An equivalent number of RT units of virus was inoculated into FLK
cells, which are highly susceptible to cell-free infection of BLV
(32). Three and 5 days after inoculation, we examined the
success of infection by indirect IF microscopy, using serum from a
BLV-infected sheep, and by monitoring the formation of syncytia. As
shown in Fig. 5A, among FLK cells that
had been inoculated with wild-type BLV, Y487A, L490A, or L501A mutant
BLV 3 days previously, approximately 1.8 to 3.6% of cells were
positive for BLV antigens. Five days after inoculation, the percentage of positive cells was even higher (3.6 to 4.3%). By contrast, very few
of the FLK cells that had been inoculated with Y498A or Y487/498A
mutant BLV were positive for BLV antigens 3 and 5 days after infection.
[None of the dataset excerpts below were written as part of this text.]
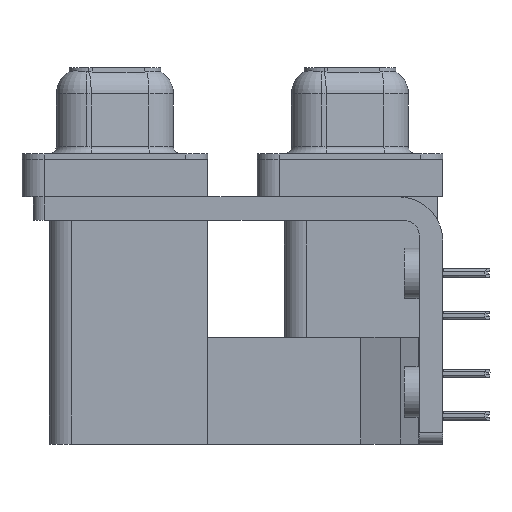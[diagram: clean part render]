
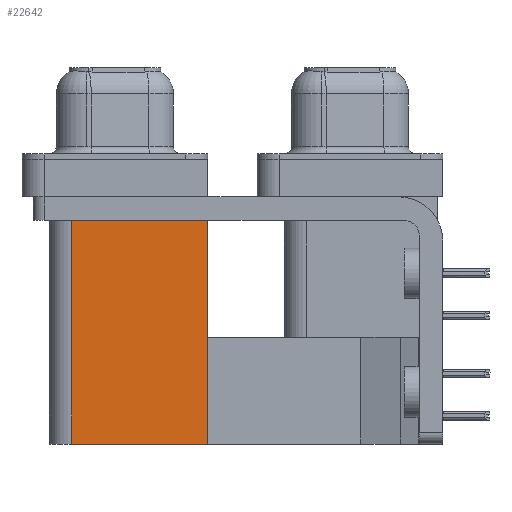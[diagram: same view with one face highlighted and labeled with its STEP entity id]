
A CAD part, left-side view. The second image highlights one B-rep face of the part: STEP entity #22642.
In plain terms, the highlighted planar face has unit normal (-1, 0, 0).
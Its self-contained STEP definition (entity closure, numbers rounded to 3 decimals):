
#1084 = AXIS2_PLACEMENT_3D ( 'NONE', #5157, #4495, #31960 ) ;
#2678 = CARTESIAN_POINT ( 'NONE',  ( 3.79, 9.6, -2.5 ) ) ;
#3484 = EDGE_CURVE ( 'NONE', #32483, #4698, #18620, .T. ) ;
#3530 = ORIENTED_EDGE ( 'NONE', *, *, #37514, .T. ) ;
#4495 = DIRECTION ( 'NONE',  ( 1., 0., 0. ) ) ;
#4698 = VERTEX_POINT ( 'NONE', #20980 ) ;
#4721 = EDGE_CURVE ( 'NONE', #32483, #39241, #13779, .T. ) ;
#5157 = CARTESIAN_POINT ( 'NONE',  ( 3.79, 9.6, -19.2 ) ) ;
#5646 = VERTEX_POINT ( 'NONE', #25943 ) ;
#9406 = VECTOR ( 'NONE', #35318, 1000. ) ;
#9939 = ORIENTED_EDGE ( 'NONE', *, *, #3484, .T. ) ;
#10591 = LINE ( 'NONE', #38291, #20535 ) ;
#12148 = FACE_OUTER_BOUND ( 'NONE', #19674, .T. ) ;
#12818 = DIRECTION ( 'NONE',  ( 0., 1., 0. ) ) ;
#13776 = VECTOR ( 'NONE', #31791, 1000. ) ;
#13779 = LINE ( 'NONE', #21421, #13776 ) ;
#15429 = VECTOR ( 'NONE', #12818, 1000. ) ;
#16776 = ORIENTED_EDGE ( 'NONE', *, *, #4721, .F. ) ;
#18620 = LINE ( 'NONE', #39375, #9406 ) ;
#19674 = EDGE_LOOP ( 'NONE', ( #3530, #33476, #16776, #9939 ) ) ;
#20535 = VECTOR ( 'NONE', #30619, 1000. ) ;
#20980 = CARTESIAN_POINT ( 'NONE',  ( 3.79, 9.6, -2.5 ) ) ;
#21335 = EDGE_CURVE ( 'NONE', #39241, #5646, #10591, .T. ) ;
#21421 = CARTESIAN_POINT ( 'NONE',  ( 3.79, 9.6, -19.2 ) ) ;
#21817 = PLANE ( 'NONE',  #1084 ) ;
#22642 = ADVANCED_FACE ( 'NONE', ( #12148 ), #21817, .F. ) ;
#23361 = LINE ( 'NONE', #2678, #15429 ) ;
#25943 = CARTESIAN_POINT ( 'NONE',  ( 3.79, 18.8, -2.5 ) ) ;
#30619 = DIRECTION ( 'NONE',  ( 0., 0., 1. ) ) ;
#31791 = DIRECTION ( 'NONE',  ( 0., 1., 0. ) ) ;
#31960 = DIRECTION ( 'NONE',  ( 0., 1., 0. ) ) ;
#32483 = VERTEX_POINT ( 'NONE', #36705 ) ;
#33476 = ORIENTED_EDGE ( 'NONE', *, *, #21335, .F. ) ;
#35318 = DIRECTION ( 'NONE',  ( 0., 0., 1. ) ) ;
#36705 = CARTESIAN_POINT ( 'NONE',  ( 3.79, 9.6, -19.2 ) ) ;
#37514 = EDGE_CURVE ( 'NONE', #4698, #5646, #23361, .T. ) ;
#38291 = CARTESIAN_POINT ( 'NONE',  ( 3.79, 18.8, -19.2 ) ) ;
#38430 = CARTESIAN_POINT ( 'NONE',  ( 3.79, 18.8, -19.2 ) ) ;
#39241 = VERTEX_POINT ( 'NONE', #38430 ) ;
#39375 = CARTESIAN_POINT ( 'NONE',  ( 3.79, 9.6, -19.2 ) ) ;
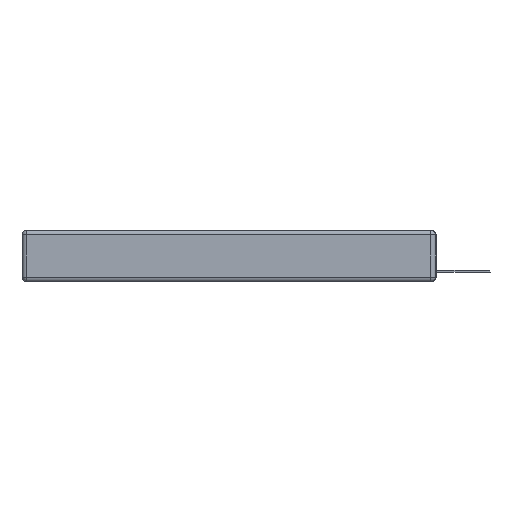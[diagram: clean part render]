
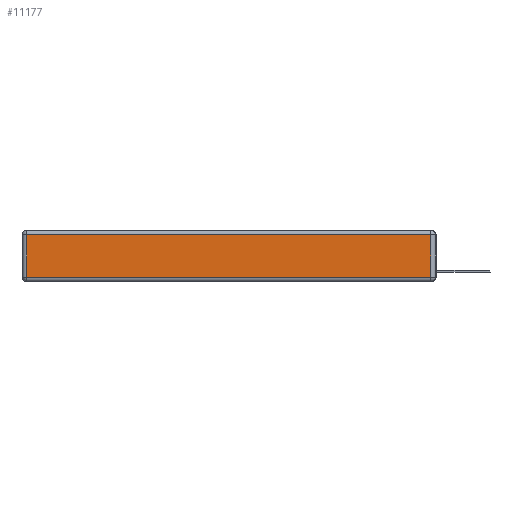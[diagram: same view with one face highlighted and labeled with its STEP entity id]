
A CAD part, left-side view. The second image highlights one B-rep face of the part: STEP entity #11177.
In plain terms, the highlighted planar face has unit normal (-1, 0, 0).
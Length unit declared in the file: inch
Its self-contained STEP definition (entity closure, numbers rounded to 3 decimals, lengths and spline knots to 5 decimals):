
#1031 = FACE_OUTER_BOUND ( 'NONE', #3103, .T. ) ;
#1078 = CARTESIAN_POINT ( 'NONE',  ( 0., 0.03, -0.03 ) ) ;
#1712 = ORIENTED_EDGE ( 'NONE', *, *, #17356, .T. ) ;
#2630 = CARTESIAN_POINT ( 'NONE',  ( 0., 2.72, -0.03 ) ) ;
#2858 = CARTESIAN_POINT ( 'NONE',  ( 0., 2.75, -0.03 ) ) ;
#3103 = EDGE_LOOP ( 'NONE', ( #22404, #3882, #20698, #1712 ) ) ;
#3633 = LINE ( 'NONE', #2858, #7374 ) ;
#3882 = ORIENTED_EDGE ( 'NONE', *, *, #21693, .T. ) ;
#3930 = VECTOR ( 'NONE', #13823, 39.37008 ) ;
#4273 = CARTESIAN_POINT ( 'NONE',  ( 0., 0., -0.313 ) ) ;
#5882 = LINE ( 'NONE', #20675, #21021 ) ;
#6941 = PLANE ( 'NONE',  #12230 ) ;
#7374 = VECTOR ( 'NONE', #14185, 39.37008 ) ;
#8347 = VECTOR ( 'NONE', #15372, 39.37008 ) ;
#10345 = CARTESIAN_POINT ( 'NONE',  ( 0., 2.72, -0.313 ) ) ;
#10559 = VERTEX_POINT ( 'NONE', #2630 ) ;
#11177 = ADVANCED_FACE ( 'NONE', ( #1031 ), #6941, .T. ) ;
#11427 = DIRECTION ( 'NONE',  ( 0., 0., 1. ) ) ;
#12230 = AXIS2_PLACEMENT_3D ( 'NONE', #21502, #17860, #23373 ) ;
#13539 = VERTEX_POINT ( 'NONE', #1078 ) ;
#13668 = CARTESIAN_POINT ( 'NONE',  ( 0., 0.03, -0.313 ) ) ;
#13677 = CARTESIAN_POINT ( 'NONE',  ( 0., 2.72, -0.343 ) ) ;
#13782 = VERTEX_POINT ( 'NONE', #13668 ) ;
#13823 = DIRECTION ( 'NONE',  ( 0., -1., 0. ) ) ;
#13865 = LINE ( 'NONE', #4273, #3930 ) ;
#14185 = DIRECTION ( 'NONE',  ( 0., 1., 0. ) ) ;
#15372 = DIRECTION ( 'NONE',  ( 0., 0., -1. ) ) ;
#17356 = EDGE_CURVE ( 'NONE', #10559, #22427, #17958, .T. ) ;
#17860 = DIRECTION ( 'NONE',  ( -1., 0., 0. ) ) ;
#17958 = LINE ( 'NONE', #13677, #8347 ) ;
#18038 = EDGE_CURVE ( 'NONE', #22427, #13782, #13865, .T. ) ;
#20675 = CARTESIAN_POINT ( 'NONE',  ( 0., 0.03, -0.343 ) ) ;
#20698 = ORIENTED_EDGE ( 'NONE', *, *, #21256, .T. ) ;
#21021 = VECTOR ( 'NONE', #11427, 39.37008 ) ;
#21256 = EDGE_CURVE ( 'NONE', #13539, #10559, #3633, .T. ) ;
#21502 = CARTESIAN_POINT ( 'NONE',  ( 0., 0., -0.343 ) ) ;
#21693 = EDGE_CURVE ( 'NONE', #13782, #13539, #5882, .T. ) ;
#22404 = ORIENTED_EDGE ( 'NONE', *, *, #18038, .T. ) ;
#22427 = VERTEX_POINT ( 'NONE', #10345 ) ;
#23373 = DIRECTION ( 'NONE',  ( 0., 0., 1. ) ) ;
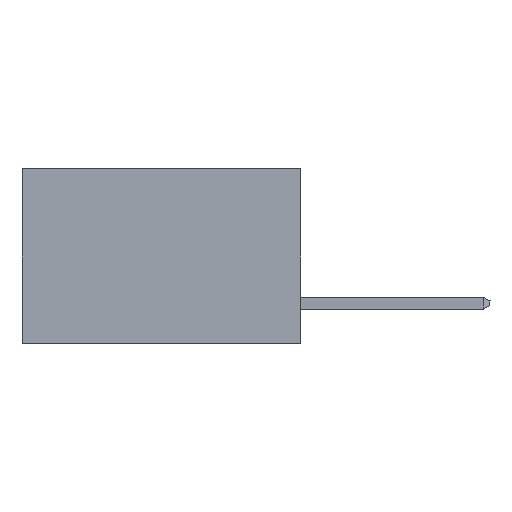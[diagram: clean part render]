
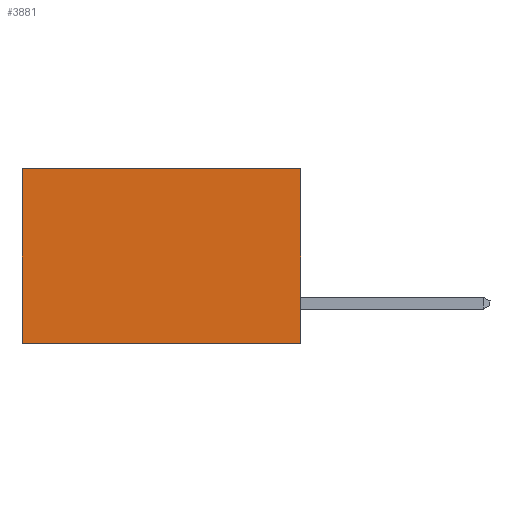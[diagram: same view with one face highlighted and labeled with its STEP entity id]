
A CAD part, left-side view. The second image highlights one B-rep face of the part: STEP entity #3881.
In plain terms, the highlighted planar face has unit normal (-1, 0, 0).
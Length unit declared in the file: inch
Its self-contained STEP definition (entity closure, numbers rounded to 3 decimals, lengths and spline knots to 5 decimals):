
#600 = VERTEX_POINT ( 'NONE', #12012 ) ;
#1021 = DIRECTION ( 'NONE',  ( 0., 0., -1. ) ) ;
#1078 = CARTESIAN_POINT ( 'NONE',  ( 0.277, 0.59, 0. ) ) ;
#1244 = ORIENTED_EDGE ( 'NONE', *, *, #18013, .T. ) ;
#2128 = DIRECTION ( 'NONE',  ( 0., 0., -1. ) ) ;
#2153 = DIRECTION ( 'NONE',  ( 1., 0., 0. ) ) ;
#2385 = CARTESIAN_POINT ( 'NONE',  ( 0.277, 0., -0.37 ) ) ;
#2709 = VECTOR ( 'NONE', #11734, 39.37008 ) ;
#2721 = AXIS2_PLACEMENT_3D ( 'NONE', #2385, #2153, #2128 ) ;
#3024 = CARTESIAN_POINT ( 'NONE',  ( 0.277, 0.59, -0.37 ) ) ;
#3342 = VECTOR ( 'NONE', #9437, 39.37008 ) ;
#3433 = PLANE ( 'NONE',  #2721 ) ;
#3541 = LINE ( 'NONE', #10300, #15858 ) ;
#3881 = ADVANCED_FACE ( 'NONE', ( #7244 ), #3433, .F. ) ;
#5457 = VERTEX_POINT ( 'NONE', #8248 ) ;
#7244 = FACE_OUTER_BOUND ( 'NONE', #8146, .T. ) ;
#7528 = EDGE_CURVE ( 'NONE', #600, #9956, #7978, .T. ) ;
#7978 = LINE ( 'NONE', #9484, #3342 ) ;
#8146 = EDGE_LOOP ( 'NONE', ( #9722, #12924, #15239, #1244 ) ) ;
#8208 = VERTEX_POINT ( 'NONE', #1078 ) ;
#8248 = CARTESIAN_POINT ( 'NONE',  ( 0.277, 0., 0. ) ) ;
#8549 = EDGE_CURVE ( 'NONE', #8208, #9956, #3541, .T. ) ;
#9437 = DIRECTION ( 'NONE',  ( 0., 1., 0. ) ) ;
#9484 = CARTESIAN_POINT ( 'NONE',  ( 0.277, 0., -0.37 ) ) ;
#9722 = ORIENTED_EDGE ( 'NONE', *, *, #8549, .T. ) ;
#9956 = VERTEX_POINT ( 'NONE', #3024 ) ;
#10300 = CARTESIAN_POINT ( 'NONE',  ( 0.277, 0.59, -0.37 ) ) ;
#11211 = VECTOR ( 'NONE', #11319, 39.37008 ) ;
#11319 = DIRECTION ( 'NONE',  ( 0., 1., 0. ) ) ;
#11734 = DIRECTION ( 'NONE',  ( 0., 0., -1. ) ) ;
#12012 = CARTESIAN_POINT ( 'NONE',  ( 0.277, 0., -0.37 ) ) ;
#12924 = ORIENTED_EDGE ( 'NONE', *, *, #7528, .F. ) ;
#15029 = LINE ( 'NONE', #19403, #2709 ) ;
#15239 = ORIENTED_EDGE ( 'NONE', *, *, #19421, .F. ) ;
#15772 = LINE ( 'NONE', #18986, #11211 ) ;
#15858 = VECTOR ( 'NONE', #1021, 39.37008 ) ;
#18013 = EDGE_CURVE ( 'NONE', #5457, #8208, #15772, .T. ) ;
#18986 = CARTESIAN_POINT ( 'NONE',  ( 0.277, 0., 0. ) ) ;
#19403 = CARTESIAN_POINT ( 'NONE',  ( 0.277, 0., -0.37 ) ) ;
#19421 = EDGE_CURVE ( 'NONE', #5457, #600, #15029, .T. ) ;

Similarly, the numbers of syncytia induced by inoculation with Y498A or
Y487/498A mutant BLV were approximately 4 to 8 times lower than those
of syncytia induced by inoculation with wild-type, Y487A, L490A, or
L501A mutant BLV (Fig. 5B). Thus, the tyrosine residue at position 498 in the second YXXL sequence in gp30 appears to be essential for
successful cell-free transmission of BLV.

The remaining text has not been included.